Segment Start: RECORDS PROVIDED
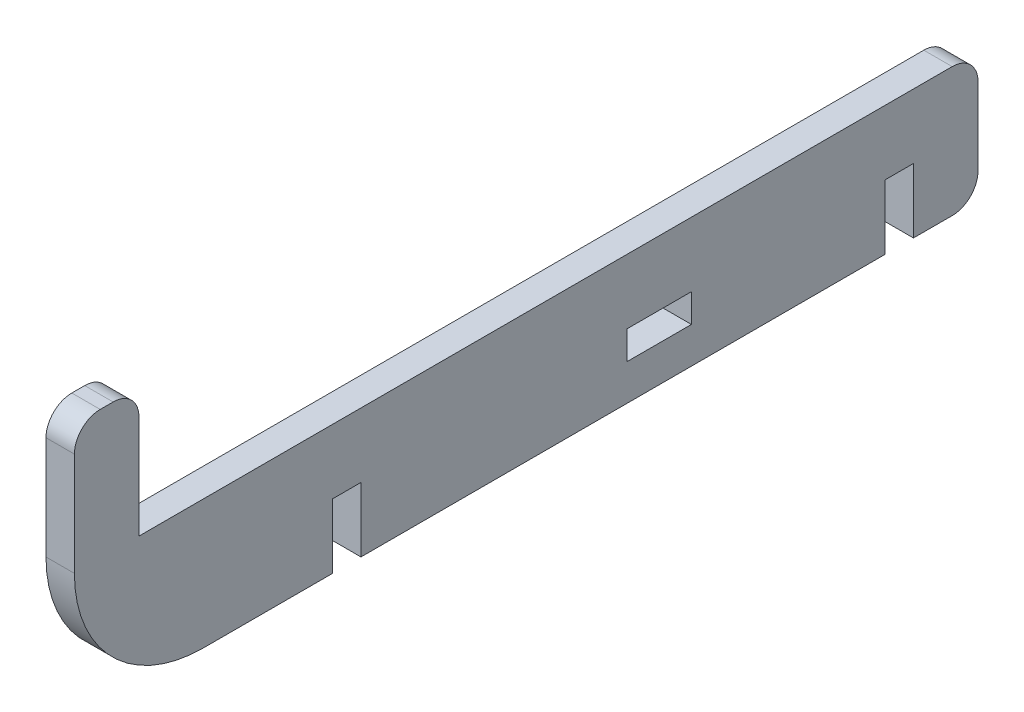
ISO-10303-21;
HEADER;
FILE_DESCRIPTION(('STEP AP214'),'2;1');
FILE_NAME('part.step','',(''),(''),'','','');
FILE_SCHEMA(('AUTOMOTIVE_DESIGN { 1 0 10303 214 1 1 1 1 }'));
ENDSEC;
DATA;
#1=APPLICATION_CONTEXT('core data for automotive mechanical design processes');
#2=APPLICATION_PROTOCOL_DEFINITION('international standard','automotive_design',2000,#1);
#3=PRODUCT_CONTEXT('',#1,'mechanical');
#4=PRODUCT('Part','Part','',(#3));
#5=PRODUCT_RELATED_PRODUCT_CATEGORY('part','',(#4));
#6=PRODUCT_DEFINITION_FORMATION('','',#4);
#7=PRODUCT_DEFINITION_CONTEXT('part definition',#1,'design');
#8=PRODUCT_DEFINITION('design','',#6,#7);
#9=PRODUCT_DEFINITION_SHAPE('','',#8);
#10=(LENGTH_UNIT() NAMED_UNIT(*) SI_UNIT(.MILLI.,.METRE.));
#11=(NAMED_UNIT(*) PLANE_ANGLE_UNIT() SI_UNIT($,.RADIAN.));
#12=(NAMED_UNIT(*) SI_UNIT($,.STERADIAN.) SOLID_ANGLE_UNIT());
#13=UNCERTAINTY_MEASURE_WITH_UNIT(LENGTH_MEASURE(1.E-05),#10,'distance_accuracy_value','');
#14=(GEOMETRIC_REPRESENTATION_CONTEXT(3) GLOBAL_UNCERTAINTY_ASSIGNED_CONTEXT((#13)) GLOBAL_UNIT_ASSIGNED_CONTEXT((#10,
#11,#12)) REPRESENTATION_CONTEXT('',''));
#15=CARTESIAN_POINT('',(0.,0.,0.));
#16=DIRECTION('',(0.,0.,1.));
#17=DIRECTION('',(1.,0.,0.));
#18=AXIS2_PLACEMENT_3D('',#15,#16,#17);
#19=CARTESIAN_POINT('',(2.794,0.,0.));
#20=DIRECTION('',(0.,1.,0.));
#21=DIRECTION('',(0.,0.,1.));
#22=AXIS2_PLACEMENT_3D('',#19,#20,#21);
#23=PLANE('',#22);
#24=DIRECTION('',(0.,0.,-1.));
#25=VECTOR('',#24,1.);
#26=CARTESIAN_POINT('',(0.,0.,0.));
#27=LINE('',#26,#25);
#28=CARTESIAN_POINT('',(0.,0.,-28.194));
#29=VERTEX_POINT('',#28);
#30=CARTESIAN_POINT('',(0.,0.,-79.756));
#31=VERTEX_POINT('',#30);
#32=EDGE_CURVE('E304',#29,#31,#27,.T.);
#33=ORIENTED_EDGE('',*,*,#32,.T.);
#34=DIRECTION('',(-1.,0.,0.));
#35=VECTOR('',#34,1.);
#36=CARTESIAN_POINT('',(2.794,0.,-79.756));
#37=LINE('',#36,#35);
#38=CARTESIAN_POINT('',(2.794,0.,-79.756));
#39=VERTEX_POINT('',#38);
#40=EDGE_CURVE('E240',#39,#31,#37,.T.);
#41=ORIENTED_EDGE('',*,*,#40,.F.);
#42=DIRECTION('',(0.,0.,-1.));
#43=VECTOR('',#42,1.);
#44=CARTESIAN_POINT('',(2.794,0.,0.));
#45=LINE('',#44,#43);
#46=CARTESIAN_POINT('',(2.794,0.,-28.194));
#47=VERTEX_POINT('',#46);
#48=EDGE_CURVE('E285',#47,#39,#45,.T.);
#49=ORIENTED_EDGE('',*,*,#48,.F.);
#50=DIRECTION('',(-1.,0.,0.));
#51=VECTOR('',#50,1.);
#52=CARTESIAN_POINT('',(2.794,0.,-28.194));
#53=LINE('',#52,#51);
#54=EDGE_CURVE('E267',#47,#29,#53,.T.);
#55=ORIENTED_EDGE('',*,*,#54,.T.);
#56=EDGE_LOOP('',(#33,#41,#49,#55));
#57=FACE_BOUND('',#56,.T.);
#58=ADVANCED_FACE('F33',(#57),#23,.F.);
#59=CARTESIAN_POINT('',(2.794,0.,-82.55));
#60=VERTEX_POINT('',#59);
#61=CARTESIAN_POINT('',(2.794,0.,-86.36));
#62=VERTEX_POINT('',#61);
#63=EDGE_CURVE('E279',#60,#62,#45,.T.);
#64=ORIENTED_EDGE('',*,*,#63,.F.);
#65=DIRECTION('',(-1.,0.,0.));
#66=VECTOR('',#65,1.);
#67=CARTESIAN_POINT('',(2.794,0.,-82.55));
#68=LINE('',#67,#66);
#69=CARTESIAN_POINT('',(0.,0.,-82.55));
#70=VERTEX_POINT('',#69);
#71=EDGE_CURVE('E243',#60,#70,#68,.T.);
#72=ORIENTED_EDGE('',*,*,#71,.T.);
#73=CARTESIAN_POINT('',(0.,0.,-86.36));
#74=VERTEX_POINT('',#73);
#75=EDGE_CURVE('E299',#70,#74,#27,.T.);
#76=ORIENTED_EDGE('',*,*,#75,.T.);
#77=DIRECTION('',(-1.,0.,0.));
#78=VECTOR('',#77,1.);
#79=CARTESIAN_POINT('',(2.794,0.,-86.36));
#80=LINE('',#79,#78);
#81=EDGE_CURVE('E330',#74,#62,#80,.F.);
#82=ORIENTED_EDGE('',*,*,#81,.T.);
#83=EDGE_LOOP('',(#64,#72,#76,#82));
#84=FACE_BOUND('',#83,.T.);
#85=ADVANCED_FACE('F397',(#84),#23,.F.);
#86=CARTESIAN_POINT('',(2.794,25.4,0.));
#87=DIRECTION('',(0.,0.,-1.));
#88=DIRECTION('',(-1.,0.,0.));
#89=AXIS2_PLACEMENT_3D('',#86,#87,#88);
#90=PLANE('',#89);
#91=DIRECTION('',(0.,-1.,0.));
#92=VECTOR('',#91,1.);
#93=CARTESIAN_POINT('',(0.,25.4,0.));
#94=LINE('',#93,#92);
#95=CARTESIAN_POINT('',(0.,22.86,0.));
#96=VERTEX_POINT('',#95);
#97=CARTESIAN_POINT('',(0.,12.7,0.));
#98=VERTEX_POINT('',#97);
#99=EDGE_CURVE('E270',#96,#98,#94,.T.);
#100=ORIENTED_EDGE('',*,*,#99,.T.);
#101=DIRECTION('',(-1.,0.,0.));
#102=VECTOR('',#101,1.);
#103=CARTESIAN_POINT('',(2.794,12.7,0.));
#104=LINE('',#103,#102);
#105=CARTESIAN_POINT('',(2.794,12.7,0.));
#106=VERTEX_POINT('',#105);
#107=EDGE_CURVE('E41',#98,#106,#104,.F.);
#108=ORIENTED_EDGE('',*,*,#107,.T.);
#109=DIRECTION('',(0.,-1.,0.));
#110=VECTOR('',#109,1.);
#111=CARTESIAN_POINT('',(2.794,25.4,0.));
#112=LINE('',#111,#110);
#113=CARTESIAN_POINT('',(2.794,22.86,0.));
#114=VERTEX_POINT('',#113);
#115=EDGE_CURVE('E276',#114,#106,#112,.T.);
#116=ORIENTED_EDGE('',*,*,#115,.F.);
#117=DIRECTION('',(-1.,0.,0.));
#118=VECTOR('',#117,1.);
#119=CARTESIAN_POINT('',(2.794,22.86,0.));
#120=LINE('',#119,#118);
#121=EDGE_CURVE('E351',#114,#96,#120,.T.);
#122=ORIENTED_EDGE('',*,*,#121,.T.);
#123=EDGE_LOOP('',(#100,#108,#116,#122));
#124=FACE_BOUND('',#123,.T.);
#125=ADVANCED_FACE('F361',(#124),#90,.F.);
#126=CARTESIAN_POINT('',(0.,0.,-12.7));
#127=VERTEX_POINT('',#126);
#128=CARTESIAN_POINT('',(0.,0.,-25.4));
#129=VERTEX_POINT('',#128);
#130=EDGE_CURVE('E300',#127,#129,#27,.T.);
#131=ORIENTED_EDGE('',*,*,#130,.T.);
#132=DIRECTION('',(-1.,0.,0.));
#133=VECTOR('',#132,1.);
#134=CARTESIAN_POINT('',(2.794,0.,-25.4));
#135=LINE('',#134,#133);
#136=CARTESIAN_POINT('',(2.794,0.,-25.4));
#137=VERTEX_POINT('',#136);
#138=EDGE_CURVE('E260',#137,#129,#135,.T.);
#139=ORIENTED_EDGE('',*,*,#138,.F.);
#140=CARTESIAN_POINT('',(2.794,0.,-12.7));
#141=VERTEX_POINT('',#140);
#142=EDGE_CURVE('E281',#141,#137,#45,.T.);
#143=ORIENTED_EDGE('',*,*,#142,.F.);
#144=DIRECTION('',(-1.,0.,0.));
#145=VECTOR('',#144,1.);
#146=CARTESIAN_POINT('',(2.794,0.,-12.7));
#147=LINE('',#146,#145);
#148=EDGE_CURVE('E354',#141,#127,#147,.T.);
#149=ORIENTED_EDGE('',*,*,#148,.T.);
#150=EDGE_LOOP('',(#131,#139,#143,#149));
#151=FACE_BOUND('',#150,.T.);
#152=ADVANCED_FACE('F371',(#151),#23,.F.);
#153=CARTESIAN_POINT('',(2.794,0.,-88.9));
#154=DIRECTION('',(0.,0.,1.));
#155=DIRECTION('',(1.,0.,0.));
#156=AXIS2_PLACEMENT_3D('',#153,#154,#155);
#157=PLANE('',#156);
#158=DIRECTION('',(0.,1.,0.));
#159=VECTOR('',#158,1.);
#160=CARTESIAN_POINT('',(2.794,0.,-88.9));
#161=LINE('',#160,#159);
#162=CARTESIAN_POINT('',(2.794,2.54,-88.9));
#163=VERTEX_POINT('',#162);
#164=CARTESIAN_POINT('',(2.794,10.16,-88.9));
#165=VERTEX_POINT('',#164);
#166=EDGE_CURVE('E284',#163,#165,#161,.T.);
#167=ORIENTED_EDGE('',*,*,#166,.F.);
#168=DIRECTION('',(-1.,0.,0.));
#169=VECTOR('',#168,1.);
#170=CARTESIAN_POINT('',(2.794,2.54,-88.9));
#171=LINE('',#170,#169);
#172=CARTESIAN_POINT('',(0.,2.54,-88.9));
#173=VERTEX_POINT('',#172);
#174=EDGE_CURVE('E318',#163,#173,#171,.T.);
#175=ORIENTED_EDGE('',*,*,#174,.T.);
#176=DIRECTION('',(0.,1.,0.));
#177=VECTOR('',#176,1.);
#178=CARTESIAN_POINT('',(0.,0.,-88.9));
#179=LINE('',#178,#177);
#180=CARTESIAN_POINT('',(0.,10.16,-88.9));
#181=VERTEX_POINT('',#180);
#182=EDGE_CURVE('E303',#173,#181,#179,.T.);
#183=ORIENTED_EDGE('',*,*,#182,.T.);
#184=DIRECTION('',(-1.,0.,0.));
#185=VECTOR('',#184,1.);
#186=CARTESIAN_POINT('',(2.794,10.16,-88.9));
#187=LINE('',#186,#185);
#188=EDGE_CURVE('E316',#181,#165,#187,.F.);
#189=ORIENTED_EDGE('',*,*,#188,.T.);
#190=EDGE_LOOP('',(#167,#175,#183,#189));
#191=FACE_BOUND('',#190,.T.);
#192=ADVANCED_FACE('F408',(#191),#157,.F.);
#193=CARTESIAN_POINT('',(2.794,12.7,-88.9));
#194=DIRECTION('',(0.,-1.,0.));
#195=DIRECTION('',(0.,0.,-1.));
#196=AXIS2_PLACEMENT_3D('',#193,#194,#195);
#197=PLANE('',#196);
#198=DIRECTION('',(0.,0.,1.));
#199=VECTOR('',#198,1.);
#200=CARTESIAN_POINT('',(2.794,12.7,-88.9));
#201=LINE('',#200,#199);
#202=CARTESIAN_POINT('',(2.794,12.7,-86.36));
#203=VERTEX_POINT('',#202);
#204=CARTESIAN_POINT('',(2.794,12.7,-6.35));
#205=VERTEX_POINT('',#204);
#206=EDGE_CURVE('E288',#203,#205,#201,.T.);
#207=ORIENTED_EDGE('',*,*,#206,.F.);
#208=DIRECTION('',(-1.,0.,0.));
#209=VECTOR('',#208,1.);
#210=CARTESIAN_POINT('',(2.794,12.7,-86.36));
#211=LINE('',#210,#209);
#212=CARTESIAN_POINT('',(0.,12.7,-86.36));
#213=VERTEX_POINT('',#212);
#214=EDGE_CURVE('E341',#203,#213,#211,.T.);
#215=ORIENTED_EDGE('',*,*,#214,.T.);
#216=DIRECTION('',(0.,0.,1.));
#217=VECTOR('',#216,1.);
#218=CARTESIAN_POINT('',(0.,12.7,-88.9));
#219=LINE('',#218,#217);
#220=CARTESIAN_POINT('',(0.,12.7,-6.35));
#221=VERTEX_POINT('',#220);
#222=EDGE_CURVE('E307',#213,#221,#219,.T.);
#223=ORIENTED_EDGE('',*,*,#222,.T.);
#224=DIRECTION('',(-1.,0.,0.));
#225=VECTOR('',#224,1.);
#226=CARTESIAN_POINT('',(2.794,12.7,-6.35));
#227=LINE('',#226,#225);
#228=EDGE_CURVE('E296',#205,#221,#227,.T.);
#229=ORIENTED_EDGE('',*,*,#228,.F.);
#230=EDGE_LOOP('',(#207,#215,#223,#229));
#231=FACE_BOUND('',#230,.T.);
#232=ADVANCED_FACE('F416',(#231),#197,.F.);
#233=CARTESIAN_POINT('',(2.794,12.7,-6.35));
#234=DIRECTION('',(0.,0.,1.));
#235=DIRECTION('',(0.,-1.,0.));
#236=AXIS2_PLACEMENT_3D('',#233,#234,#235);
#237=PLANE('',#236);
#238=DIRECTION('',(0.,1.,0.));
#239=VECTOR('',#238,1.);
#240=CARTESIAN_POINT('',(0.,12.7,-6.35));
#241=LINE('',#240,#239);
#242=CARTESIAN_POINT('',(0.,22.86,-6.35));
#243=VERTEX_POINT('',#242);
#244=EDGE_CURVE('E309',#221,#243,#241,.T.);
#245=ORIENTED_EDGE('',*,*,#244,.T.);
#246=DIRECTION('',(-1.,0.,0.));
#247=VECTOR('',#246,1.);
#248=CARTESIAN_POINT('',(2.794,22.86,-6.35));
#249=LINE('',#248,#247);
#250=CARTESIAN_POINT('',(2.794,22.86,-6.35));
#251=VERTEX_POINT('',#250);
#252=EDGE_CURVE('E349',#243,#251,#249,.F.);
#253=ORIENTED_EDGE('',*,*,#252,.T.);
#254=DIRECTION('',(0.,1.,0.));
#255=VECTOR('',#254,1.);
#256=CARTESIAN_POINT('',(2.794,12.7,-6.35));
#257=LINE('',#256,#255);
#258=EDGE_CURVE('E290',#205,#251,#257,.T.);
#259=ORIENTED_EDGE('',*,*,#258,.F.);
#260=ORIENTED_EDGE('',*,*,#228,.T.);
#261=EDGE_LOOP('',(#245,#253,#259,#260));
#262=FACE_BOUND('',#261,.T.);
#263=ADVANCED_FACE('F421',(#262),#237,.F.);
#264=CARTESIAN_POINT('',(2.794,25.4,-6.35));
#265=DIRECTION('',(0.,-1.,0.));
#266=DIRECTION('',(0.,0.,-1.));
#267=AXIS2_PLACEMENT_3D('',#264,#265,#266);
#268=PLANE('',#267);
#269=DIRECTION('',(0.,0.,1.));
#270=VECTOR('',#269,1.);
#271=CARTESIAN_POINT('',(2.794,25.4,-6.35));
#272=LINE('',#271,#270);
#273=CARTESIAN_POINT('',(2.794,25.4,-3.81));
#274=VERTEX_POINT('',#273);
#275=CARTESIAN_POINT('',(2.794,25.4,-2.54));
#276=VERTEX_POINT('',#275);
#277=EDGE_CURVE('E293',#274,#276,#272,.T.);
#278=ORIENTED_EDGE('',*,*,#277,.F.);
#279=DIRECTION('',(-1.,0.,0.));
#280=VECTOR('',#279,1.);
#281=CARTESIAN_POINT('',(2.794,25.4,-3.81));
#282=LINE('',#281,#280);
#283=CARTESIAN_POINT('',(0.,25.4,-3.81));
#284=VERTEX_POINT('',#283);
#285=EDGE_CURVE('E346',#274,#284,#282,.T.);
#286=ORIENTED_EDGE('',*,*,#285,.T.);
#287=DIRECTION('',(0.,0.,1.));
#288=VECTOR('',#287,1.);
#289=CARTESIAN_POINT('',(0.,25.4,-6.35));
#290=LINE('',#289,#288);
#291=CARTESIAN_POINT('',(0.,25.4,-2.54));
#292=VERTEX_POINT('',#291);
#293=EDGE_CURVE('E280',#284,#292,#290,.T.);
#294=ORIENTED_EDGE('',*,*,#293,.T.);
#295=DIRECTION('',(-1.,0.,0.));
#296=VECTOR('',#295,1.);
#297=CARTESIAN_POINT('',(2.794,25.4,-2.54));
#298=LINE('',#297,#296);
#299=EDGE_CURVE('E344',#292,#276,#298,.F.);
#300=ORIENTED_EDGE('',*,*,#299,.T.);
#301=EDGE_LOOP('',(#278,#286,#294,#300));
#302=FACE_BOUND('',#301,.T.);
#303=ADVANCED_FACE('F430',(#302),#268,.F.);
#304=CARTESIAN_POINT('',(2.794,0.,0.));
#305=DIRECTION('',(1.,0.,0.));
#306=DIRECTION('',(0.,0.,-1.));
#307=AXIS2_PLACEMENT_3D('',#304,#305,#306);
#308=PLANE('',#307);
#309=DIRECTION('',(0.,-1.,0.));
#310=VECTOR('',#309,1.);
#311=CARTESIAN_POINT('',(2.794,6.35,-60.706));
#312=LINE('',#311,#310);
#313=CARTESIAN_POINT('',(2.794,6.35,-60.706));
#314=VERTEX_POINT('',#313);
#315=CARTESIAN_POINT('',(2.794,3.556,-60.706));
#316=VERTEX_POINT('',#315);
#317=EDGE_CURVE('E189',#314,#316,#312,.T.);
#318=ORIENTED_EDGE('',*,*,#317,.T.);
#319=DIRECTION('',(0.,0.,1.));
#320=VECTOR('',#319,1.);
#321=CARTESIAN_POINT('',(2.794,3.556,-60.706));
#322=LINE('',#321,#320);
#323=CARTESIAN_POINT('',(2.794,3.556,-54.356));
#324=VERTEX_POINT('',#323);
#325=EDGE_CURVE('E198',#316,#324,#322,.T.);
#326=ORIENTED_EDGE('',*,*,#325,.T.);
#327=DIRECTION('',(0.,1.,0.));
#328=VECTOR('',#327,1.);
#329=CARTESIAN_POINT('',(2.794,3.556,-54.356));
#330=LINE('',#329,#328);
#331=CARTESIAN_POINT('',(2.794,6.35,-54.356));
#332=VERTEX_POINT('',#331);
#333=EDGE_CURVE('E48',#324,#332,#330,.T.);
#334=ORIENTED_EDGE('',*,*,#333,.T.);
#335=DIRECTION('',(0.,0.,-1.));
#336=VECTOR('',#335,1.);
#337=CARTESIAN_POINT('',(2.794,6.35,-54.356));
#338=LINE('',#337,#336);
#339=EDGE_CURVE('E195',#332,#314,#338,.T.);
#340=ORIENTED_EDGE('',*,*,#339,.T.);
#341=EDGE_LOOP('',(#318,#326,#334,#340));
#342=FACE_BOUND('',#341,.T.);
#343=DIRECTION('',(0.,1.,0.));
#344=VECTOR('',#343,1.);
#345=CARTESIAN_POINT('',(2.794,0.,-79.756));
#346=LINE('',#345,#344);
#347=CARTESIAN_POINT('',(2.794,6.34999999999999,-79.756));
#348=VERTEX_POINT('',#347);
#349=EDGE_CURVE('E224',#39,#348,#346,.T.);
#350=ORIENTED_EDGE('',*,*,#349,.T.);
#351=DIRECTION('',(0.,0.,-1.));
#352=VECTOR('',#351,1.);
#353=CARTESIAN_POINT('',(2.794,6.34999999999999,-79.756));
#354=LINE('',#353,#352);
#355=CARTESIAN_POINT('',(2.794,6.34999999999998,-82.55));
#356=VERTEX_POINT('',#355);
#357=EDGE_CURVE('E227',#348,#356,#354,.T.);
#358=ORIENTED_EDGE('',*,*,#357,.T.);
#359=DIRECTION('',(0.,-1.,0.));
#360=VECTOR('',#359,1.);
#361=CARTESIAN_POINT('',(2.794,0.,-82.55));
#362=LINE('',#361,#360);
#363=EDGE_CURVE('E231',#356,#60,#362,.T.);
#364=ORIENTED_EDGE('',*,*,#363,.T.);
#365=ORIENTED_EDGE('',*,*,#63,.T.);
#366=CARTESIAN_POINT('',(2.794,2.54,-86.36));
#367=DIRECTION('',(1.,0.,0.));
#368=DIRECTION('',(0.,0.,-1.));
#369=AXIS2_PLACEMENT_3D('',#366,#367,#368);
#370=CIRCLE('',#369,2.54);
#371=EDGE_CURVE('E339',#62,#163,#370,.T.);
#372=ORIENTED_EDGE('',*,*,#371,.T.);
#373=ORIENTED_EDGE('',*,*,#166,.T.);
#374=CARTESIAN_POINT('',(2.794,10.16,-86.36));
#375=DIRECTION('',(1.,0.,0.));
#376=DIRECTION('',(0.,0.,-1.));
#377=AXIS2_PLACEMENT_3D('',#374,#375,#376);
#378=CIRCLE('',#377,2.54);
#379=EDGE_CURVE('E337',#165,#203,#378,.T.);
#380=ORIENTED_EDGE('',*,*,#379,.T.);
Segment End: RECORDS PROVIDED
### ACTIVITY
Print exactly the lines of the listing above starting at the line containing "#73=CARTESIAN_POINT('',(0.,0.,-86.36));" and ending at the line containing "#97=CARTESIAN_POINT('',(0.,12.7,0.));", both included.

### SOLUTION TO THIS TASK
#73=CARTESIAN_POINT('',(0.,0.,-86.36));
#74=VERTEX_POINT('',#73);
#75=EDGE_CURVE('E299',#70,#74,#27,.T.);
#76=ORIENTED_EDGE('',*,*,#75,.T.);
#77=DIRECTION('',(-1.,0.,0.));
#78=VECTOR('',#77,1.);
#79=CARTESIAN_POINT('',(2.794,0.,-86.36));
#80=LINE('',#79,#78);
#81=EDGE_CURVE('E330',#74,#62,#80,.F.);
#82=ORIENTED_EDGE('',*,*,#81,.T.);
#83=EDGE_LOOP('',(#64,#72,#76,#82));
#84=FACE_BOUND('',#83,.T.);
#85=ADVANCED_FACE('F397',(#84),#23,.F.);
#86=CARTESIAN_POINT('',(2.794,25.4,0.));
#87=DIRECTION('',(0.,0.,-1.));
#88=DIRECTION('',(-1.,0.,0.));
#89=AXIS2_PLACEMENT_3D('',#86,#87,#88);
#90=PLANE('',#89);
#91=DIRECTION('',(0.,-1.,0.));
#92=VECTOR('',#91,1.);
#93=CARTESIAN_POINT('',(0.,25.4,0.));
#94=LINE('',#93,#92);
#95=CARTESIAN_POINT('',(0.,22.86,0.));
#96=VERTEX_POINT('',#95);
#97=CARTESIAN_POINT('',(0.,12.7,0.));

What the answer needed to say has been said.